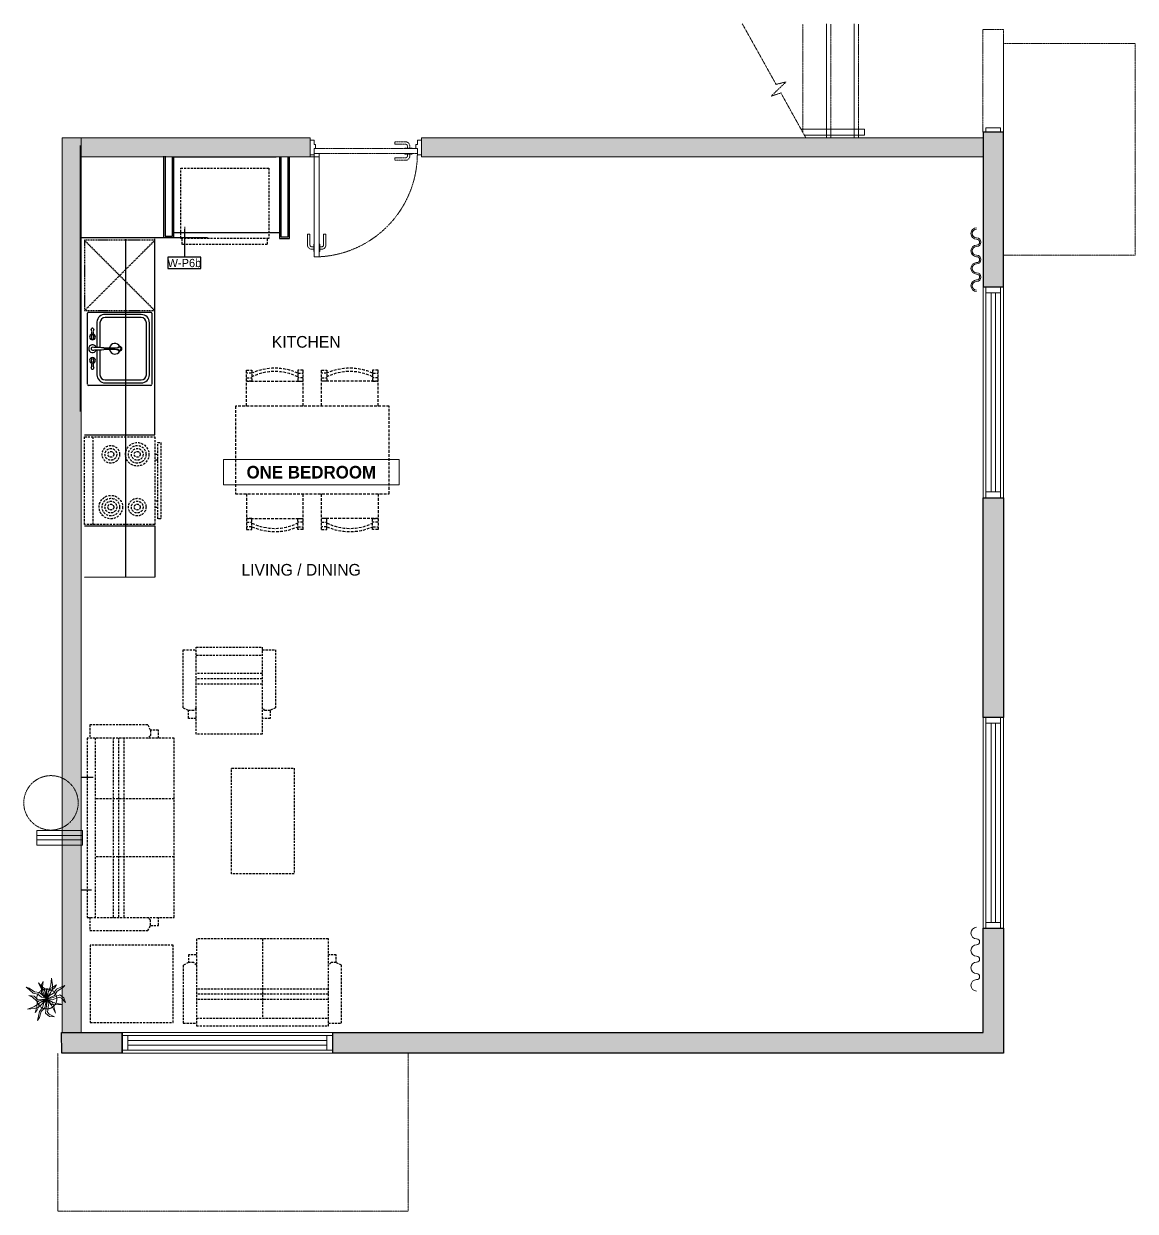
# Model space of a CAD drawing. Header units: inches. Extents: x 18646 to 39869, y 2287 to 7833.
# Drawn here: x 39489.2 to 39868.6, y 7427.9 to 7833.4 of the extents above; entities that cross this region are included whole.
import ezdxf
from ezdxf.enums import TextEntityAlignment as Align

# ---------------------------------------------------------------- set-up
doc = ezdxf.new("R2010")
doc.units = ezdxf.units.IN
doc.header["$LTSCALE"] = 1.5
doc.header["$MEASUREMENT"] = 0
for name, pattern in [('101-01$0$EOP', [0.25, 0.2, -0.05]), ('22-016_Xref_2ND-6TH Floor Plan$0$HIDDEN', [0.375, 0.25, -0.125]), ('22-016_Xref_2ND-6TH Floor Plan$0$HIDDEN2', [0.1875, 0.125, -0.0625]), ('DASHED', [0.75, 0.5, -0.25]), ('HIDDEN', [0.375, 0.25, -0.125])]:
    doc.linetypes.add(name, pattern=pattern)
for name, color, linetype in [('22-016_Xref_2ND-6TH Floor Plan$0$ANNO-NOTE', 4, 'Continuous'), ('22-016_Xref_2ND-6TH Floor Plan$0$FURNITURE-LIGHT', 252, 'DASHED'), ('22-016_Xref_2ND-6TH Floor Plan$0$HIDE_X', 252, '22-016_Xref_2ND-6TH Floor Plan$0$HIDDEN'), ('22-016_Xref_2ND-6TH Floor Plan$0$MECH-PLUMBING', 4, 'Continuous'), ('22-016_Xref_2ND-6TH Floor Plan$0$MILLWORK', 1, 'Continuous'), ('22-016_Xref_2ND-6TH Floor Plan$0$WALL-INTERIOR', 6, 'Continuous'), ('22-016_Xref_2ND-6TH Floor Plan$0$WALL-STUD', 5, 'Continuous'), ('A-WALL', 4, 'Continuous'), ('A-WALL-EXTR', 2, 'Continuous'), ('I- New Low Partition Wall', 4, '101-01$0$EOP'), ('I-FURN', 7, 'Continuous'), ('I-GLAZ', 6, 'Continuous'), ('WALL', 4, 'Continuous')]:
    doc.layers.add(name, color=color, linetype=linetype)
for name, color, linetype, lineweight in [('22-016_Xref_2ND-6TH Floor Plan$0$G-ANNO-TEXT', 4, 'Continuous', 9), ('I-DOOR', 6, 'Continuous', 20), ('l-FIXTURE', 7, 'Continuous', 5)]:
    doc.layers.add(name, color=color, linetype=linetype, lineweight=lineweight)
doc.styles.add('22-016_Xref_2ND-6TH Floor Plan$0$Century Gothic', font='GOTHIC.TTF', dxfattribs={"height": 12})
doc.styles.add('22-016_Xref_2ND-6TH Floor Plan$0$MAT-TAG', font='GOTHIC.TTF')

# ---------------------------------------------------------------- blocks, each defined once
blk = doc.blocks.new('BBB')
at = {"layer": 'I-FURN', "color": 8, "lineweight": 5}
for p, q in [((-3108, 9496), (-3102, 9680)), ((-3102, 9812), (-3029, 9491)), ((-3102, 9680), (-3102, 9812)), ((-3033, 9934), (-2869, 9790)), ((-2852, 9878), (-3033, 9934)), ((-2826, 9703), (-2923, 9445)), ((-2869, 9790), (-2826, 9703)), ((-2739, 9725), (-2852, 9878)), ((-2840, 9473), (-2739, 9725)), ((-2607, 9628), (-2486, 9827)), ((-2465, 9764), (-2539, 9607)), ((-2486, 9827), (-2397, 9912)), ((-2397, 9912), (-2465, 9764)), ((-3555, 9528), (-3455, 9333)), ((-3545, 9338), (-3555, 9528)), ((-3423, 9191), (-3545, 9338)), ((-3455, 9333), (-3381, 9270)), ((-3155, 9228), (-3423, 9191)), ((-3419, 9565), (-3126, 9415)), ((-3292, 9532), (-3419, 9565)), ((-3381, 9270), (-3108, 9301)), ((-3112, 9493), (-3292, 9532)), ((-2902, 9228), (-3225, 9174)), ((-2902, 9228), (-3155, 9228)), ((-3126, 9415), (-2922, 9228)), ((-2902, 9228), (-3123, 9018)), ((-3017, 9436), (-3112, 9493)), ((-3076, 9391), (-3108, 9496)), ((-3108, 9301), (-2897, 9248)), ((-2897, 9248), (-3076, 9391)), ((-3046, 9129), (-2902, 9228)), ((-3029, 9491), (-2897, 9248)), ((-2922, 9228), (-3017, 9436)), ((-2992, 9066), (-2902, 9228)), ((-2981, 9154), (-2902, 9228)), ((-2902, 9228), (-2979, 8878)), ((-2902, 9228), (-2971, 8960)), ((-2923, 9445), (-2922, 9228)), ((-2915, 8895), (-2902, 9228)), ((-2902, 9228), (-2770, 9528)), ((-2902, 9228), (-2840, 9473)), ((-2902, 9228), (-2644, 9391)), ((-2770, 9344), (-2902, 9228)), ((-2811, 9287), (-2902, 9228)), ((-2723, 9275), (-2902, 9228)), ((-2902, 9228), (-2625, 9229)), ((-2576, 9160), (-2902, 9228)), ((-2619, 9103), (-2902, 9228)), ((-2902, 9228), (-2803, 9149)), ((-2902, 9228), (-2544, 9217)), ((-2825, 9053), (-2878, 9220)), ((-2878, 9220), (-2657, 8978)), ((-2613, 9297), (-2811, 9287)), ((-2770, 9528), (-2607, 9628)), ((-2686, 9496), (-2770, 9344)), ((-2555, 9328), (-2723, 9275)), ((-2539, 9607), (-2686, 9496)), ((-2644, 9391), (-2534, 9459)), ((-2625, 9229), (-2542, 9257)), ((-2568, 9432), (-2613, 9297)), ((-2461, 9557), (-2568, 9432)), ((-2381, 9396), (-2555, 9328)), ((-2542, 9257), (-2487, 9433)), ((-2534, 9459), (-2376, 9459)), ((-2487, 9433), (-2378, 9607)), ((-2378, 9607), (-2461, 9557)), ((-2128, 9422), (-2381, 9396)), ((-2376, 9459), (-2128, 9422)), ((-3585, 8971), (-3688, 8905)), ((-3688, 8905), (-3529, 8935)), ((-3361, 9040), (-3585, 8971)), ((-3529, 8935), (-3358, 8968)), ((-3397, 8813), (-3329, 8881)), ((-3202, 8875), (-3397, 8813)), ((-3225, 9174), (-3361, 9040)), ((-3358, 8968), (-3215, 9084)), ((-3329, 8881), (-3181, 8954)), ((-3216, 8927), (-3255, 8774)), ((-3123, 9018), (-3216, 8927)), ((-3215, 9084), (-3046, 9129)), ((-3018, 8886), (-3202, 8875)), ((-3192, 8764), (-3084, 8915)), ((-3181, 8954), (-3039, 8965)), ((-3084, 8915), (-2992, 9066)), ((-3039, 8965), (-2981, 9154)), ((-2971, 8960), (-3018, 8886)), ((-2979, 8878), (-2831, 8711)), ((-2799, 8773), (-2915, 8895)), ((-2720, 8914), (-2825, 9053)), ((-2803, 9149), (-2661, 9043)), ((-2679, 8734), (-2720, 8914)), ((-2661, 9043), (-2368, 9045)), ((-2657, 8978), (-2632, 8788)), ((-2632, 8788), (-2499, 8597)), ((-2438, 9089), (-2619, 9103)), ((-2486, 9018), (-2576, 9160)), ((-2544, 9217), (-2418, 9033)), ((-2302, 8939), (-2486, 9018)), ((-2248, 9112), (-2438, 9089)), ((-2418, 9033), (-2302, 8939)), ((-2368, 9045), (-2248, 9112)), ((-3255, 8774), (-3279, 8525)), ((-3279, 8525), (-3192, 8764)), ((-2831, 8711), (-2768, 8575)), ((-2768, 8575), (-2799, 8773)), ((-2565, 8603), (-2679, 8734)), ((-2458, 8481), (-2565, 8603)), ((-2499, 8597), (-2458, 8481))]:
    blk.add_line(p, q, dxfattribs=at)
blk = doc.blocks.new('D2')
at = {"layer": 'A-WALL-EXTR', "color": 8, "linetype": 'HIDDEN', "lineweight": 5, "ltscale": 0.1, "transparency": 33554636}
for points in [[(2.1, 1.39), (2.1, 36.61), (0.35, 36.61), (0.35, 1.39)], [(0.35, 32.35), (0.35, 34.84), (0.2, 34.84), (0.2, 32.35)], [(2.1, 32.35), (2.1, 34.84), (2.25, 34.84), (2.25, 32.35)]]:
    blk.add_lwpolyline(points, close=True, dxfattribs=at)
for points in [[(0.2, 33.19), (-0.58, 33.19, 0.414214), (-1.1, 32.67), (-1.1, 28.92), (-1.92, 28.92), (-1.92, 32.67, -0.414214), (-0.58, 34), (0.2, 34)], [(2.25, 33.19), (3.02, 33.19, -0.414214), (3.54, 32.67), (3.54, 28.92), (4.36, 28.92), (4.36, 32.67, 0.414214), (3.02, 34), (2.25, 34)]]:
    blk.add_lwpolyline(points, format="xyb", dxfattribs=at)
blk.add_arc((2.07, 1.31), 35.3, 2.9704, 89.9487, dxfattribs=at)
at = {"layer": 'I-DOOR', "color": 6, "lineweight": 5, "transparency": 33554636}
for points in [[(0.35, 36.61), (0.35, 36.14), (-1.01, 36.14), (-1.01, 36.61), (-2.5, 36.61), (-2.5, 38), (2.5, 38), (2.5, 36.61)], [(0.35, 1.39), (0.35, 1.86), (-1.01, 1.86), (-1.01, 1.39), (-2.5, 1.39), (-2.5, 0), (2.5, 0), (2.5, 1.39)], [(2.1, 1.39), (37.31, 1.39), (37.31, 3.14), (2.1, 3.14)], [(33.05, 3.14), (35.54, 3.14), (35.54, 3.29), (33.05, 3.29)], [(33.05, 1.39), (35.54, 1.39), (35.54, 1.24), (33.05, 1.24)]]:
    blk.add_lwpolyline(points, close=True, dxfattribs=at)
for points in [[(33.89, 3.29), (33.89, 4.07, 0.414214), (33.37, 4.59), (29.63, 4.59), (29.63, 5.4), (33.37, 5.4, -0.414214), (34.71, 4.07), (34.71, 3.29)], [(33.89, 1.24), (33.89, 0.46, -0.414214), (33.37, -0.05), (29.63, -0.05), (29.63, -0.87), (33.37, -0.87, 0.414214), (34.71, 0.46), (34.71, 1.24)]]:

What you have to do:
Out of the records above, pull each line containing the word "pattern".

Response to the exercise:
for name, pattern in [('101-01$0$EOP', [0.25, 0.2, -0.05]), ('22-016_Xref_2ND-6TH Floor Plan$0$HIDDEN', [0.375, 0.25, -0.125]), ('22-016_Xref_2ND-6TH Floor Plan$0$HIDDEN2', [0.1875, 0.125, -0.0625]), ('DASHED', [0.75, 0.5, -0.25]), ('HIDDEN', [0.375, 0.25, -0.125])]:
    doc.linetypes.add(name, pattern=pattern)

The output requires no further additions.